The promotional push for Nick Spencer and Joe Eisma’s Morning Glories apparently paid off, as the first issue of the Image Comics series sold out this week at the distributor level. But how did it fare with reviewers?

Spencer (Existence 2.0, Shuddertown) certainly sets a high bar for Morning Glories, describing the genre-bending prep-school mystery as “Runaways meets Lost.” And judging from online reactions, the first issue meets that lofty goal. (You can check out previews here and here.)

Here’s a sampling of what people are saying about Morning Glories #1:

Ryan, Chronic Insomnia:Morning Glories is very strange, quite dark, often creepy, sometimes hilarious and almost always refreshingly novel. This comic crackles beneath the surface with ideas that pop. Certain books exude a kind of energy signature, where you can almost feel the creator’s muse across the page. Hickman’s Fantastic Four. Simone’s Secret Six. Glories radiates like that.”

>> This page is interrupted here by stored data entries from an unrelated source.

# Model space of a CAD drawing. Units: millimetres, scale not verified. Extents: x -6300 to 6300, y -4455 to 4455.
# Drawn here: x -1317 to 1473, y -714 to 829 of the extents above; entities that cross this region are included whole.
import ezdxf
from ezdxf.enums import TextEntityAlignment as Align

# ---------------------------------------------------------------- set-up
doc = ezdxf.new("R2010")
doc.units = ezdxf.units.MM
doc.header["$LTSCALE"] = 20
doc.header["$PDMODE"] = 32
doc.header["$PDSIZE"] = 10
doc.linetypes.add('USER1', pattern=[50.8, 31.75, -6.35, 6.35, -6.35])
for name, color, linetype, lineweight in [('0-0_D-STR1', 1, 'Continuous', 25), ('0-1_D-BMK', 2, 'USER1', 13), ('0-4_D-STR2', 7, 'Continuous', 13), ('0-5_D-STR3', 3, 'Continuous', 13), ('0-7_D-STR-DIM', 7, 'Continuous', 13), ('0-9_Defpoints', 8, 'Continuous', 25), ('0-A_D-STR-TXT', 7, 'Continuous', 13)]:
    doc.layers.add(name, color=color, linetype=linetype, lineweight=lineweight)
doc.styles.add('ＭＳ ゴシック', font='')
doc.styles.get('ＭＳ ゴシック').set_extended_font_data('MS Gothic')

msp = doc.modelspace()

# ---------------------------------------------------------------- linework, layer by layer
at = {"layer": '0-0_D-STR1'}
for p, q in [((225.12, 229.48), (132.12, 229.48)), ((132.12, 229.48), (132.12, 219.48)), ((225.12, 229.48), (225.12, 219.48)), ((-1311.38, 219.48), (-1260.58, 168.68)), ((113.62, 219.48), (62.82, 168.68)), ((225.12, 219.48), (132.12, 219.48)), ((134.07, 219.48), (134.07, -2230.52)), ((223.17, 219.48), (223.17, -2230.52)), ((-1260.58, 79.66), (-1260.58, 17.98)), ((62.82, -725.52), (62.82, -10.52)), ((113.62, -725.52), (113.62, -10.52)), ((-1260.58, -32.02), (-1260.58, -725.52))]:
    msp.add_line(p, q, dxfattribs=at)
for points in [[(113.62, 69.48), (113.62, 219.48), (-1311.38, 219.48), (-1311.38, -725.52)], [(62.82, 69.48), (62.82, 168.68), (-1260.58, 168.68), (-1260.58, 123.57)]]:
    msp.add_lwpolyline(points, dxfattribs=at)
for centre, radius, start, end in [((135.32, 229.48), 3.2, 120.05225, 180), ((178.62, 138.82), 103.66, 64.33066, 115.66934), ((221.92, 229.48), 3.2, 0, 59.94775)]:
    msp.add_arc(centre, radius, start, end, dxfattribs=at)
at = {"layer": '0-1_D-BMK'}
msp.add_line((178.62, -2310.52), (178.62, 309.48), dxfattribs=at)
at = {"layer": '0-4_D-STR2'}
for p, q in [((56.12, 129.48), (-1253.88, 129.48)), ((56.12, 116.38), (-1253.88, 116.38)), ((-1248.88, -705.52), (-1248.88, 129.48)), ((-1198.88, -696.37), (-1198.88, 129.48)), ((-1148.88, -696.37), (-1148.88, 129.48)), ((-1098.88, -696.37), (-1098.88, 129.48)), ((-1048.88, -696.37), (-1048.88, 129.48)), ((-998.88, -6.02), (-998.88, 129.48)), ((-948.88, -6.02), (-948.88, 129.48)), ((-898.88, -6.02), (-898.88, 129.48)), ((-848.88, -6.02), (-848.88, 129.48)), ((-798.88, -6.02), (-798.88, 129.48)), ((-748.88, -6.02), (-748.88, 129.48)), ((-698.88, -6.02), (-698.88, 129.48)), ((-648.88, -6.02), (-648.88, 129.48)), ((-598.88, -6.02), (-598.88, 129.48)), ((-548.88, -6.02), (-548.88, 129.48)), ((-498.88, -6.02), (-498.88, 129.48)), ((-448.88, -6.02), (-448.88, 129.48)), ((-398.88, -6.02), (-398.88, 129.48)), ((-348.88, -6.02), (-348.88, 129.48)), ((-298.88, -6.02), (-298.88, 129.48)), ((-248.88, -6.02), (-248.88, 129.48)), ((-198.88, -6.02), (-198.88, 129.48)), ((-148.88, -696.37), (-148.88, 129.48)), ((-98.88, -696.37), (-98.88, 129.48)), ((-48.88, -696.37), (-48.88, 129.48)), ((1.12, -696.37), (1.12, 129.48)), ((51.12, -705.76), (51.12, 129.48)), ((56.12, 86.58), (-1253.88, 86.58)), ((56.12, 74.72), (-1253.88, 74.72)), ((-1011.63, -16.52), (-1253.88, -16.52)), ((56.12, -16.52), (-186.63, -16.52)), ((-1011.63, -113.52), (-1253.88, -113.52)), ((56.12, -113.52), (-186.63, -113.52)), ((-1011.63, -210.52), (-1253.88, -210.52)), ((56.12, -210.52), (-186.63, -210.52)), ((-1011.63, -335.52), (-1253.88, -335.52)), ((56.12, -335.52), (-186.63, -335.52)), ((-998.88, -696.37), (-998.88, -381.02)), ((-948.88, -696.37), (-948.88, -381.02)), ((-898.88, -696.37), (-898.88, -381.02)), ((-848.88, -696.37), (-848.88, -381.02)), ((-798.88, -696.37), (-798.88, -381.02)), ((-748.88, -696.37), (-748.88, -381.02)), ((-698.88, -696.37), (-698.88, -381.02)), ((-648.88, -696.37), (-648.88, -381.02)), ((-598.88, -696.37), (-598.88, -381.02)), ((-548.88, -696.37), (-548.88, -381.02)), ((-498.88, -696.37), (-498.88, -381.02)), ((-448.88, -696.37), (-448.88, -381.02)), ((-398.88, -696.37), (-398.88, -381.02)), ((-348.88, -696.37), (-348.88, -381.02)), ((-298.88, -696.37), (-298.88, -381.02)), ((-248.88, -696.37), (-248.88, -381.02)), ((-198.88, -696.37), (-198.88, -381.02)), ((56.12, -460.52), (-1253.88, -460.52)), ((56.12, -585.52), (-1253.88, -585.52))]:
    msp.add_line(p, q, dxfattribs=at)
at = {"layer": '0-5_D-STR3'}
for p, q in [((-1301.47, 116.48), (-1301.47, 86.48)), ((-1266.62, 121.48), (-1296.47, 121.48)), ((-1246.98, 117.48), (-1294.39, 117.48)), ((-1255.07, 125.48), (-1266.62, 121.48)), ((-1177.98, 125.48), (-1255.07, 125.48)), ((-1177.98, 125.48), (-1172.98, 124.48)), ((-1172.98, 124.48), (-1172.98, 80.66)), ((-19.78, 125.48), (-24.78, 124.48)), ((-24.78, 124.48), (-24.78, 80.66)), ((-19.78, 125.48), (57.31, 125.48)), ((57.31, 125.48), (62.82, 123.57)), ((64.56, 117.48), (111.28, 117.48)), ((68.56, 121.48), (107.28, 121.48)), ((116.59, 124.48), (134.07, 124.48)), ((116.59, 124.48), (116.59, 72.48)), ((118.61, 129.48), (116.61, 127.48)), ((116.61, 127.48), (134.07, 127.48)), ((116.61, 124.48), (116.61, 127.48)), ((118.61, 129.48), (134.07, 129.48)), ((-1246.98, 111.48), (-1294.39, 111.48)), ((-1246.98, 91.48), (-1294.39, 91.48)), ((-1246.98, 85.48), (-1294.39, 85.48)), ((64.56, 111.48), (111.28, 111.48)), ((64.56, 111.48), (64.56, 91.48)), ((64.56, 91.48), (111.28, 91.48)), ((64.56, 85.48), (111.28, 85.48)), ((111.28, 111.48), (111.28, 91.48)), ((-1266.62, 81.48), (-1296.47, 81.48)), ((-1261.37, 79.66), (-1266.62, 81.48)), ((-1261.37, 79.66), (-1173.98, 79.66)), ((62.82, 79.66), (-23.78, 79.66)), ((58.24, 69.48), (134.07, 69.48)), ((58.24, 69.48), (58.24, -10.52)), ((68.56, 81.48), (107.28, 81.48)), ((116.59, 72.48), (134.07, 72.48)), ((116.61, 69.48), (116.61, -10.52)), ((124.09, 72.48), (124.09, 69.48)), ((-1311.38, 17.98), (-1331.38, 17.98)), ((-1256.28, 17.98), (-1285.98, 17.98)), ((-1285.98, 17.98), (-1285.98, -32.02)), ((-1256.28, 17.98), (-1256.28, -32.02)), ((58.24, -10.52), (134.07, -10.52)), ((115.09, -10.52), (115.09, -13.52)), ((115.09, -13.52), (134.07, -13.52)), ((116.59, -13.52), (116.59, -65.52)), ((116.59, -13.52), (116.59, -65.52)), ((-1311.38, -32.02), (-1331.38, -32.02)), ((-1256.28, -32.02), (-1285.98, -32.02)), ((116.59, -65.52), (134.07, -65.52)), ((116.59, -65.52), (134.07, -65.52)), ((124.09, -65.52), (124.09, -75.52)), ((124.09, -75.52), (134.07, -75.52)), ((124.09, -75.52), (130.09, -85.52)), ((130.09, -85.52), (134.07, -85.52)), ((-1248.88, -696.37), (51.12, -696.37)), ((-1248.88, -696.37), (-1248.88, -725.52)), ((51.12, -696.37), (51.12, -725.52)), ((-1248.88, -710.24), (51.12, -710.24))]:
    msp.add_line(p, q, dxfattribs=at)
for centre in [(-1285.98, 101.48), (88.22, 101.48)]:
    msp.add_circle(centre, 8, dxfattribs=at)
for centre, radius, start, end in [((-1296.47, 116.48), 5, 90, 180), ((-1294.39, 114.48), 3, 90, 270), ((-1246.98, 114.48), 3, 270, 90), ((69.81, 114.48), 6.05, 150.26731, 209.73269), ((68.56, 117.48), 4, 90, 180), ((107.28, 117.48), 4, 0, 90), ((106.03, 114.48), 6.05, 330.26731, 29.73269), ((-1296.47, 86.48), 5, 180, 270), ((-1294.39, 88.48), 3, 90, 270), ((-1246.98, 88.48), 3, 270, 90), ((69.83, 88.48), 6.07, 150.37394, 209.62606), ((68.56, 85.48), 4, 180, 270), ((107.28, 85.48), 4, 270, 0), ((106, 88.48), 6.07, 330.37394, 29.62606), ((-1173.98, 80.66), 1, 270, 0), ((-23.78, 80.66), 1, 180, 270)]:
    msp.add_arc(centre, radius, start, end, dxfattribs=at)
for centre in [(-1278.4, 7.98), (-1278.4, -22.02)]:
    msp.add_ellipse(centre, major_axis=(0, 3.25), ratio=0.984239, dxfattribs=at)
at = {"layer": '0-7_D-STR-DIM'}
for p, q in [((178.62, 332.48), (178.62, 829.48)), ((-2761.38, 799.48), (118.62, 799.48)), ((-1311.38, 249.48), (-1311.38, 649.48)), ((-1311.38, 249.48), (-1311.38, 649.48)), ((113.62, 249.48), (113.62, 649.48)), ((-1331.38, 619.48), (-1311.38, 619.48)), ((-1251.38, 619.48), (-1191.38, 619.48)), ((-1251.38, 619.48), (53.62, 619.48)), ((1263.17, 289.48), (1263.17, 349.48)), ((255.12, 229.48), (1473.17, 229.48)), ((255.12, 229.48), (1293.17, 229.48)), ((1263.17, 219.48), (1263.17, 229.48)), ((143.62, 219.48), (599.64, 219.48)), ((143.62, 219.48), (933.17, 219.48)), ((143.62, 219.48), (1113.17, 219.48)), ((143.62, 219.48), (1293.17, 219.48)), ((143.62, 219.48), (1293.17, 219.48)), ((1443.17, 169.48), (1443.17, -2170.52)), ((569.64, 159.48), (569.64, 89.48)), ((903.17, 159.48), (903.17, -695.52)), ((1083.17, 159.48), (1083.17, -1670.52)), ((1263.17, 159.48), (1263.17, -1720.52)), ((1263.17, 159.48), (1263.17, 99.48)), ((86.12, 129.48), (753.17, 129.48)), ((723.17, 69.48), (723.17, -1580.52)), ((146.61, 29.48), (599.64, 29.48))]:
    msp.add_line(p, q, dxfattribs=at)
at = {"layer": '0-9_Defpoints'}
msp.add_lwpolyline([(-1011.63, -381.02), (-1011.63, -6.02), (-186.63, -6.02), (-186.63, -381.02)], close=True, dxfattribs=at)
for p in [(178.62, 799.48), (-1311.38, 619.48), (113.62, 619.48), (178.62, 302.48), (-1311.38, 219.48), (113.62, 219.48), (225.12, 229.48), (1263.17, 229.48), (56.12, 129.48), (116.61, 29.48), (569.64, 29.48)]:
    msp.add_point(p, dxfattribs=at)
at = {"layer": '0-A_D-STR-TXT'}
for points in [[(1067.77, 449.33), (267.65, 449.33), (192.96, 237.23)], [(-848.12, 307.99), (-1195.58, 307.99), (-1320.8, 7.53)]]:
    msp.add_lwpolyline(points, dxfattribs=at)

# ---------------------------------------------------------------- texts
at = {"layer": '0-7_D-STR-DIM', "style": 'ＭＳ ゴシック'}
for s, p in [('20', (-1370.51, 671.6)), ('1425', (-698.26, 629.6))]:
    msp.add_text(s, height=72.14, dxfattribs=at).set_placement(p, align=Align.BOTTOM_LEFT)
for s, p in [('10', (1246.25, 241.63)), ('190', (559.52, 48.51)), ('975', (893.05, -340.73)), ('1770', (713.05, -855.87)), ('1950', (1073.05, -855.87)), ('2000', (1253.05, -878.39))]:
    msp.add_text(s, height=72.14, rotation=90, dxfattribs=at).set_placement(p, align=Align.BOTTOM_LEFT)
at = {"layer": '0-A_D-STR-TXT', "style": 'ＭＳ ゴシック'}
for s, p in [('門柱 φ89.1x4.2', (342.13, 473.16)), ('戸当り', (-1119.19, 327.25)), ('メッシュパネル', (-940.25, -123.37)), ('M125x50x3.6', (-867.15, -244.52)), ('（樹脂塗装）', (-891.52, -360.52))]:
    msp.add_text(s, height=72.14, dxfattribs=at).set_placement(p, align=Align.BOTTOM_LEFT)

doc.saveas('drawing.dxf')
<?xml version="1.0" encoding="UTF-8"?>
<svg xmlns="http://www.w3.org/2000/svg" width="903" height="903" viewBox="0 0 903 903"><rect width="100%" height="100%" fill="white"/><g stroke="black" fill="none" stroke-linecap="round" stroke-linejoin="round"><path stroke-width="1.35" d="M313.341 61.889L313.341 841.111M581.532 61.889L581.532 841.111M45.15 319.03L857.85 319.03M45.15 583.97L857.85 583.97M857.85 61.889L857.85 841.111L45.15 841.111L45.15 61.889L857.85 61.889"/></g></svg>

Auburn Slavec, Giant Killer Squid: “The writing itself is good enough to make me hate everyone in the book. I hope that was Spencer’s goal. Like I said, the setting and plot are strong enough and he’s working that whole mysterious master plan angle, but there’s only so much teenage whining I can take. I don’t try and pretend I could ever make it as a high school teacher. If we could cut back on the over-the-top character elements, I think I’d like it better.”